Apenas tres días después de haber perdido con Columbus Crew, Independiente disputó el segundo partido de su gira norteamericana a 950 kilómetros de distancia.
En esa ocasión, se enfrentó en la ciudad de Atlanta con el equipo local, los Silverbacks, que por esos entonces jugaba en la USL First Division, una suerte de segunda división estadounidense, ya que no se permiten ascensos a la MLS.
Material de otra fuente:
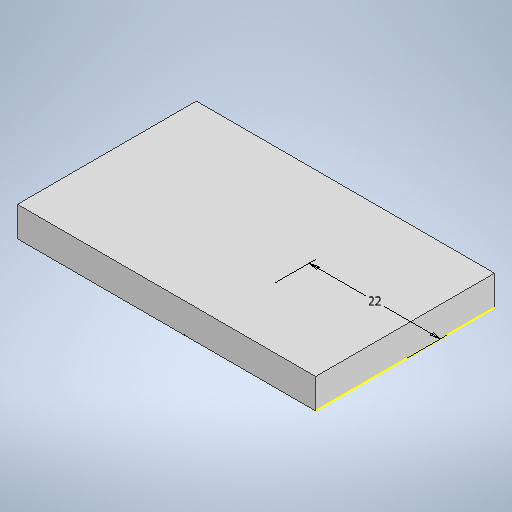
# Autodesk Inventor part: nanoMount
Saved by Autodesk Inventor 2025.1 (Build 291241020, 241B)
## iProperties
Created: 2025-04-14
Part Number: nanoMount
Material: Generic
Document SubType Name: Modeling
Designer: omiye
Density: 1 g/cm^3
Appearance: Default
Author: omiye
Autodesk Inventor part; units mm, degrees
ref_plane "YZ Plane" through (0, 0, 0) normal (1, 0, 0) x (0, 1, 0)
ref_plane "XZ Plane" through (0, 0, 0) normal (0, 1, 0) x (-1, 0, 0)
ref_plane "XY Plane" through (0, 0, 0) normal (0, 0, 1) x (1, 0, 0)
sketch "Sketch1" plane through (0, 0, 0) normal (0, 1, 0) x (-1, 0, 0)
  line L0 (-25, -15) -> (25, -15)
  line L1 (25, -15) -> (25, 15)
  line L2 (25, 15) -> (-25, 15)
  line L3 (-25, 15) -> (-25, -15)
  line L4 (-25, -15) -> (25, 15) construction
  line L5 (25, -15) -> (-25, 15) construction
  point P0 (0, 0)
  dimension "d0" = 50
  dimension "d1" = 30
  constraints: 12 end point, 2 midpoint, 2 parallel, 1 horizontal, 1 perpendicular
  measures "d0" distance of L2.end L1.end
  measures "d1" distance of L1.end L0.end
extrude "Extrusion1" add sketch "Sketch1" along normal blind 5
sketch "Sketch2" plane through (0, 0, 0) normal (0, -1, 0) x (1, 0, 0)
  line L0 (25, 15) -> (25, -15) projected
  line L1 (25, 0) -> (0, 0)
  line L2 (25, 0) -> (3, 0)
  line L3 (3, 0) -> (3, -15)
  line L4 (25, -15) -> (-25, -15) projected
  line L5 (3, 0) -> (3, 15)
  dimension "d4" = 22
  constraints: 8 end point, 3 point on line, 1 horizontal, 1 midpoint, 1 perpendicular
  measures "d4" distance of L1.start L2.end
body "Solid1"

El Rojo presentaría varias modificaciones con respecto al primer partido, saliendo con: Adrián Gabbarini; Ricardo Moreira, Leandro Gioda, Damián Ledesma, Matías Di Gregorio; Leonel Ríos, Mariano Herrón, Adrián Calello, Emanuel Centurión; Damián Luna y Pablo Vitti. En la segunda parte ingresaron Ismael Sosa, Patricio Rodríguez, Matías Oyola, Hernán Fredes, Juan Caracoche y Enzo Bruno. Se quedaron en el banco de suplentes junto a Cristian Saavedra (recordamos que era el ayudante de campo de Borghi, que no viajó por su fobia a los aviones) Fabián Assmann, Lucas Pusineri, Gastón Machín, Diego Churín y Cristian Ledesma.
Las crónicas rezan (?) que Independiente dominó todo el primer tiempo, transformando en figura a Felipe Quintero, el arquero mexicano de los Silverbacks. Sin embargo, fue el equipo local en primero en anotar un gol, ya que a los 36′ Jason McLaughlin los puso en ventaja. El ingreso de Rodríguez y Sosa cambió todo, de hecho, a éste último le cometieron un penal a los 70′, que Leandro Gioda cambió por el empate. La victoria llegaría recién a los 91′, luego de un corner tirado por el Chuco de la Gente, que cabecearía a la red Damián Ledesma, dejando a los 2000 atlanteños presentes en el estadio descontentos con el resultado final.
Esta sería la primera victoria de Independiente de la gira 2008/09, y la última en Estados Unidos, ya que el próximo y último partido lo jugaría en Canadá, pero eso lo dejamos para el siguiente post.